Niagara Automobile Company
- Company type: Automobile manufacturer
- Industry: Automotive
- Founded: 1915; 111 years ago
- Defunct: 1916; 110 years ago
- Fate: Discontinued
- Headquarters: Buffalo, New York, United States
- Products: Automobiles
- Production output: 500 approx (1915-1916)
- Brands: Niagara, Niagara Four

= Niagara Automobile Company (1915) =

Defunct American motor vehicle manufacturer

Niagara Automobile Company was an American automobile manufacturer in Buffalo, New York in 1915 and 1916.

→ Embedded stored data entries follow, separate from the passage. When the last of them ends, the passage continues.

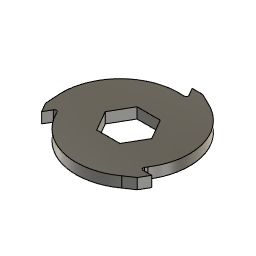
broyeuse V3 v5 (Autodesk Fusion 360 archive; units mm, degrees)
design "Dent A"
Autodesk Fusion 360 part; units mm, degrees
(part 1 of 5)
sketch "Sketch1" plane through (0, 0, 0) normal (0, 0, 1) x (1, 0, 0)
  circle A0 centre (0, 0) radius 25
  dimension "d4" = 50
  constraint coincident A0.centre origin
  measures "d4" diameter of A0
extrude "Extrude1" add sketch "Sketch1" along normal blind 5
sketch "Sketch2" plane through (0, 0, 5) normal (0, 0, 1) x (-1, 0, 0)
  circle A0 centre (0, 0) radius 25
  line L0 (5.4848, -9.5) -> (10.9697, 0)
  line L1 (10.9697, 0) -> (5.4848, 9.5)
  line L2 (5.4848, 9.5) -> (-5.4848, 9.5)
  line L3 (-5.4848, 9.5) -> (-10.9697, 0)
  line L4 (-10.9697, 0) -> (-5.4848, -9.5)
  line L5 (-5.4848, -9.5) -> (5.4848, -9.5)
  dimension "d7" = 19
  constraint coincident A0.centre origin
  measures "d7" distance of L0 L3
extrude "Extrude2" cut sketch "Sketch2" against normal through all contours L0 L1 L2 L3 L4 L5
sketch "Sketch3" plane through (0, 0, 5) normal (0, 0, 1) x (-1, 0, 0)
  line L0 (-10.9697, 0) -> (-5.4848, 9.5)
  line L1 (-5.4848, 9.5) -> (5.4848, 9.5)
  line L2 (5.4848, 9.5) -> (10.9697, 0)
  line L3 (10.9697, 0) -> (5.4848, -9.5)
  line L4 (5.4848, -9.5) -> (-5.4848, -9.5)
  line L5 (-5.4848, -9.5) -> (-10.9697, 0)
  circle A0 centre (0, 0) radius 25
  line L6 (0, -9.5) -> (0, -34) construction
  line L7 (0, -30) -> (-3.0461, -24.8137)
  line L8 (0, 0) -> (-21.6506, 12.5) construction
  arc A1 (-21.6506, 12.5) -> (0, -30) centre (1.3758, -2.5344) ccw
  line L9 (0, -30) -> (-5, -30)
  line L10 (-5, -30) -> (-11.5934, -26.7842)
  dimension "d9" = 120
  dimension "d10" = 55
  dimension "d11" = 30
  dimension "d14" = 5
  dimension "d16" = 154
  constraint midpoint L4 L6.start
  constraint perpendicular L4 L6
  constraint coincident L6 L7.start
  constraint coincident A0 L7.end
  constraint coincident A0.centre L8.start
  constraint coincident A0 L8.end
  constraint perpendicular L6 L9
  constraint coincident A1 L10.end
  measures "d9" angle of L6 L8
  measures "d10" diameter of A1
  measures "d11" distance of L7.start A0.centre
  measures "d14" distance of L7.start L9.end
  measures "d16" angle of L9 L10
extrude "Extrude3" add sketch "Sketch3" against normal blind 5 contours A0 L7 A1 L10 | A1 L10 | A1 L9 L10
pattern_circular "C-Pattern1" count 3 over 360 about axis through (0, 0, 1.75) along (0, 0, 1) of "Extrude3"
fillet "Fillet1" radius 1 3 edges at (19.9663, -15.0449, 2.5) (3.0461, 24.8137, 2.5) (-23.0124, -9.7689, 2.5)
sketch "Sketch4" plane through (0, 0, 5) normal (0, 0, 1) x (-1, 0, 0)
  line L0 (-10.9697, 0) -> (-5.4848, 9.5)
  line L1 (-5.4848, 9.5) -> (5.4848, 9.5)
  line L2 (5.4848, 9.5) -> (10.9697, 0)
  line L3 (10.9697, 0) -> (5.4848, -9.5)
  line L4 (5.4848, -9.5) -> (-5.4848, -9.5)
  line L5 (-5.4848, -9.5) -> (-10.9697, 0)
  arc A0 (-1.1597, -24.9731) -> (0, -25) centre (0, 0) ccw
  arc A1 (0, -25) -> (28.8493, 5.3994) centre (1.507, 2.4587) ccw
  line L6 (28.8493, 5.3994) -> (28.4808, 10.6699)
  line L7 (28.4808, 10.6699) -> (25.9808, 15)
  line L8 (25.9808, 15) -> (23.9652, 11.448)
  arc A2 (22.2072, 11.4822) -> (23.9652, 11.448) centre (23.0955, 11.9415) ccw
  arc A3 (22.2072, 11.4822) -> (21.6506, 12.5) centre (0, 0) ccw
  arc A4 (21.6506, 12.5) -> (-19.1007, 22.2845) centre (-2.8828, 0.0758) ccw
  line L9 (-19.1007, 22.2845) -> (-23.4808, 19.3301)
  line L10 (-23.4808, 19.3301) -> (-25.9808, 15)
  line L11 (-25.9808, 15) -> (-21.8968, 15.0305)
  arc A5 (-21.0475, 13.4909) -> (-21.8968, 15.0305) centre (-21.8894, 14.0305) ccw
  arc A6 (-21.0475, 13.4909) -> (-21.6506, 12.5) centre (0, 0) ccw
  arc A7 (-21.6506, 12.5) -> (-9.7486, -27.6839) centre (1.3758, -2.5344) ccw
  line L12 (-9.7486, -27.6839) -> (-5, -30)
  line L13 (-5, -30) -> (0, -30)
  line L14 (0, -30) -> (-2.0683, -26.4785)
  arc A8 (-1.1597, -24.9731) -> (-2.0683, -26.4785) centre (-1.2061, -25.972) ccw
  line L15 (0, 38) -> (0, -40)
  constraint vertical L15
equation "hexa_dent = 19 mm"
equation "hexa_axe = 19 mm"
equation "d7 = hexa_dent"

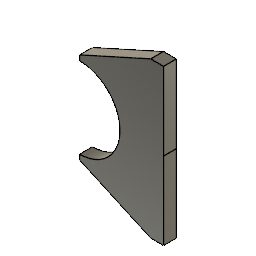
design "entretoise B"
Autodesk Fusion 360 part; units mm, degrees
sketch "Sketch1" plane through (0, 0, 0) normal (0, 1, 0) x (1, 0, 0)
  circle A0 centre (0, 0) radius 14.5 construction
  line L0 (0, -15.6) -> (0, -17.6)
  arc A1 (0, -15.6) -> (15.6, 0) centre (0, 0) ccw
  line L1 (0, -17.6) -> (27.5, -30)
  line L2 (0, 0) -> (15.6, 0) construction
  line L3 (27.5, -30) -> (32.5, -30)
  line L4 (32.5, -30) -> (32.5, 0)
  line L5 (0, -15.6) -> (0, 0) construction
  line L6 (0, 15.6) -> (0, 17.6)
  arc A2 (15.6, 0) -> (0, 15.6) centre (0, 0) ccw
  line L7 (0, 17.6) -> (27.5, 30)
  line L8 (27.5, 30) -> (32.5, 30)
  line L9 (32.5, 30) -> (32.5, 0)
  dimension "d1" = 29
  dimension "d2" = 2
  dimension "d3" = 30
  dimension "d4" = 32.5
  dimension "d5" = 15.6
  dimension "d6" = 5
  constraint coincident A0.centre A1.centre
  constraint horizontal L2
  constraint horizontal L3
  constraint perpendicular L3 L4
  constraint vertical L0
  constraint parallel L0 L5
  constraint symmetric L0.end L2 L6.end
  constraint symmetric L0.start L2 L6.start
  constraint symmetric A1 L2 A2
  constraint symmetric L1.end L2 L7.end
  constraint symmetric L2 A1.end A2.start
  constraint symmetric L2 L3.end L8.end
  constraint symmetric L2 L4.end L9.end
  measures "d1" diameter of A0
  measures "d2" distance of L0.end L0.start
  measures "d3" distance of L2 L3
  measures "d4" distance of A0.centre L4
  measures "d5" radius of A1
  measures "d6" distance of L1.end L3.end
extrude "Extrude1" add sketch "Sketch1" along normal blind 5

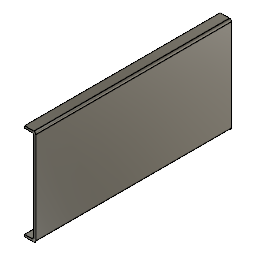
design "Flan"
Autodesk Fusion 360 part; units mm, degrees
sketch "Sketch1" plane through (0, 0, 0) normal (0, 1, 0) x (1, 0, 0)
  line L0 (-8.6431, -45) -> (0.9933, -45)
  line L1 (0.9933, -45) -> (0.9933, 49)
  line L2 (0.9933, 49) -> (-8.6431, 49)
  line L3 (-8.6431, -47.1) -> (3.0933, -47.1)
  line L4 (3.0933, -47.1) -> (3.0933, 51.1)
  line L5 (3.0933, 51.1) -> (-8.6431, 51.1)
  line L6 (-8.6431, -45) -> (-8.6431, -47.1)
  line L7 (-8.6431, 51.1) -> (-8.6431, 49)
  dimension "d1" = 94
  dimension "d2" = 2.1
  constraint horizontal L0
  constraint perpendicular L1 L2
  constraint vertical L1
  constraint equal L0 L2
  constraint perpendicular L2 L7
  measures "d1" distance of L0.end L1.end
extrude "Extrude1" add sketch "Sketch1" along normal blind 200
fillet "Fillet1" radius 2 1 edges at (3.0933, 100, 47.1)
fillet "Fillet1" radius 2 3 edges at (3.0933, 100, -51.1) (0.9933, 100, -49) (0.9933, 100, 45)

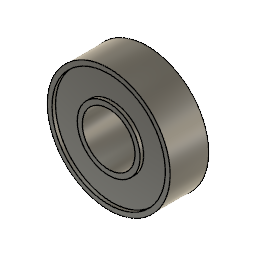
design "Q6202"
Autodesk Fusion 360 part; units mm, degrees
sketch "Sketch1" plane through (0, 0, 0) normal (0, 1, 0) x (1, 0, 0)
  circle A0 centre (0, 0) radius 17.5
  circle A1 centre (0, 0) radius 7.5
  dimension "d1" = 15
  dimension "d2" = 35
  constraint coincident A0.centre A1.centre
  constraint concentric A0 A1
  measures "d1" diameter of A1
  measures "d2" diameter of A0
extrude "Extrude1" add sketch "Sketch1" along normal blind 11
sketch "Sketch2" plane through (0, 0, 0) normal (0, -1, 0) x (1, 0, 0)
  circle A0 centre (0, 0) radius 7.5
  circle A1 centre (0, 0) radius 17.5
  circle A2 centre (0, 0) radius 8.9443
  circle A3 centre (0, 0) radius 16.1245
  constraint concentric A0 A2
  constraint concentric A2 A3
extrude "Extrude2" cut sketch "Sketch2" against normal blind 1 contours A3
ref_plane "WorkPlane1" through (0, 5.5, 0) normal (0, -1, 0) x (-1, 0, 0)
mirror "Mirror1" about plane through (0, 5.5, 0) normal (0, -1, 0) of "Extrude2"

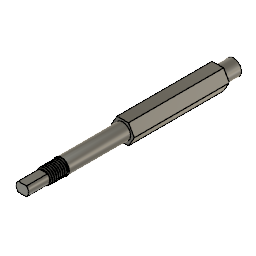
design "axe B"
Autodesk Fusion 360 part; units mm, degrees
sketch "Sketch1" plane through (0, 0, 0) normal (0, 1, 0) x (1, 0, 0)
  line L0 (5.4848, -9.5) -> (10.9697, 0)
  line L1 (10.9697, 0) -> (5.4848, 9.5)
  line L2 (5.4848, 9.5) -> (-5.4848, 9.5)
  line L3 (-5.4848, 9.5) -> (-10.9697, 0)
  line L4 (-10.9697, 0) -> (-5.4848, -9.5)
  line L5 (-5.4848, -9.5) -> (5.4848, -9.5)
  dimension "d1" = 19
  measures "d1" distance of L1 L4
extrude "Extrude1" add sketch "Sketch1" along normal blind 90
sketch "Sketch2" plane through (0, 0, 0) normal (0, -1, 0) x (1, 0, 0)
  line L0 (5.4848, 9.5) -> (-5.4848, 9.5)
  line L1 (-5.4848, 9.5) -> (-10.9697, 0)
  line L2 (-10.9697, 0) -> (-5.4848, -9.5)
  line L3 (-5.4848, -9.5) -> (5.4848, -9.5)
  line L4 (5.4848, -9.5) -> (10.9697, 0)
  line L5 (10.9697, 0) -> (5.4848, 9.5)
  circle A0 centre (0, 0) radius 7.5
  dimension "d4" = 15
  constraint coincident A0.centre origin
  measures "d4" diameter of A0
extrude "Extrude2" add sketch "Sketch2" along normal blind 58 contours A0
sketch "Sketch3" plane through (0, -58, 0) normal (0, -1, 0) x (1, 0, 0)
  circle A0 centre (0, 0) radius 7.5
  circle A1 centre (0, 0) radius 7
  dimension "d7" = 14
  constraint concentric A0 A1
  measures "d7" diameter of A1
extrude "Extrude3" add sketch "Sketch3" along normal blind 17 contours A1
thread "Thread1" "ISO Metric profile 14.0 M14x2 6g" major diameter 13.822 minor diameter 11.534 pitch 2 angle 60 modelled right hand crest width 0.2847 on face at (6.9913, -69.3333, -0.3489) crest through (6.911, -57.5, 0)
sketch "Sketch4" plane through (0, 90, 0) normal (0, 1, 0) x (-1, 0, 0)
  line L0 (5.4848, 9.5) -> (-5.4848, 9.5)
  line L1 (-5.4848, 9.5) -> (-10.9697, 0)
  line L2 (-10.9697, 0) -> (-5.4848, -9.5)
  line L3 (-5.4848, -9.5) -> (5.4848, -9.5)
  line L4 (5.4848, -9.5) -> (10.9697, 0)
  line L5 (10.9697, 0) -> (5.4848, 9.5)
  circle A0 centre (0, 0) radius 7.5
  dimension "d10" = 15
  constraint coincident A0.centre origin
  measures "d10" diameter of A0
extrude "Extrude4" add sketch "Sketch4" along normal blind 15 contours A0
sketch "Sketch5" plane through (0, -75, 0) normal (0, -1, 0) x (1, 0, 0)
  spline S0 degree 3 poles (-3.3483, 4.6955) (-4.0071, 4.3146) (-4.5838, 3.8067) (-5.5311, 2.5793) (-5.8844, 1.8654) (-6.3098, 0.3166) (-6.3676, -0.506) (-6.1666, -2.1557) (-5.8992, -2.9654) (-5.1959, -4.2209) (-4.8371, -4.6975) (-3.9949, -5.5534) (-3.5129, -5.9264) (-2.9883, -6.2315) knots 0 0 0 0 0.228303 0.228303 0.464774 0.464774 0.709409 0.709409 0.962206 0.962206 1.139841 1.139841 1.321288 1.321288 1.321288 1.321288
  arc A0 (-2.9883, -6.2315) -> (2.9883, -6.2315) centre (0, 0) ccw
  spline S1 degree 3 poles (2.9883, -6.2315) (3.7522, -5.7873) (4.4234, -5.2003) (5.482, -3.8207) (5.8675, -3.048) (6.3085, -1.4236) (6.3697, -0.5904) (6.1676, 1.0246) (5.9167, 1.7919) (5.2631, 2.9496) (4.9429, 3.3747) (4.2065, 4.1187) (3.7959, 4.4367) (3.3483, 4.6955) knots 0 0 0 0 0.265106 0.265106 0.522028 0.522028 0.770763 0.770763 1.011307 1.011307 1.170725 1.170725 1.326339 1.326339 1.326339 1.326339
  arc A1 (3.3483, 4.6955) -> (-3.3483, 4.6955) centre (0, 0) ccw
  circle A2 centre (0, 0) radius 6
  dimension "d13" = 12
  constraint coincident A0.centre A1.centre
  measures "d13" diameter of A2
extrude "Extrude5" add sketch "Sketch5" along normal blind 20 contours S0 S1 A1 A2 | S0 S1 A1 A2
sketch "Sketch6" plane through (0, -95, 0) normal (0, -1, 0) x (1, 0, 0)
  circle A0 centre (0, 0) radius 6
  line L0 (0, 0) -> (0, 6) construction
  line L1 (-8, 9.5) -> (10.7231, 9.5)
  line L2 (10.7231, 9.5) -> (10.7231, 4.5)
  line L3 (10.7231, 4.5) -> (-8, 4.5)
  line L4 (-8, 4.5) -> (-8, 9.5)
  line L5 (0, 0) -> (17.434, 0) construction
  line L6 (10.7231, -4.5) -> (-8, -4.5)
  line L7 (-8, -4.5) -> (-8, -9.5)
  line L8 (-8, -9.5) -> (10.7231, -9.5)
  line L9 (10.7231, -9.5) -> (10.7231, -4.5)
  dimension "d16" = 5
  dimension "d17" = 1.5
  constraint coincident A0.centre L0.start
  constraint vertical L0
  constraint horizontal L1
  constraint vertical L2
  constraint horizontal L3
  constraint vertical L4
  constraint coincident A0 L0.end
  constraint perpendicular L0 L5
  constraint symmetric L1.start L5 L7.end
  constraint symmetric L1.end L5 L8.end
  constraint symmetric L2.end L5 L6.start
  constraint symmetric L3.end L5 L6.end
  measures "d16" distance of L1.end L2.end
  measures "d17" distance of L0.end L3
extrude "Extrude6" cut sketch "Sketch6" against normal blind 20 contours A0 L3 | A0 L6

Other American automobile manufacturers that used the brand name Niagara were Niagara Automobile Company (1901) and Niagara Motor Vehicle Company, both of which had minimal, if any production. Wilson Automobile Company, used the brand Niagara and Niagara Motor Car Corporation called their automobile Lad's Car.

== History ==
The company was founded in 1915 in Buffalo, New York. It was a merger of Mutual Motor Car Company and Buffalo's largest automobile dealer, Poppenberg Motor Company. Production was contracted to Crow-Elkhart in Elkhart, Indiana. The name of the brand was Niagara with Four added to the name on some advertising.

One model, C-16 was made with a four-cylinder engine made by Lycoming. Touring cars and Roadsters were marketed both priced at $740, . Production ended in 1916 after about 500 automobiles were produced.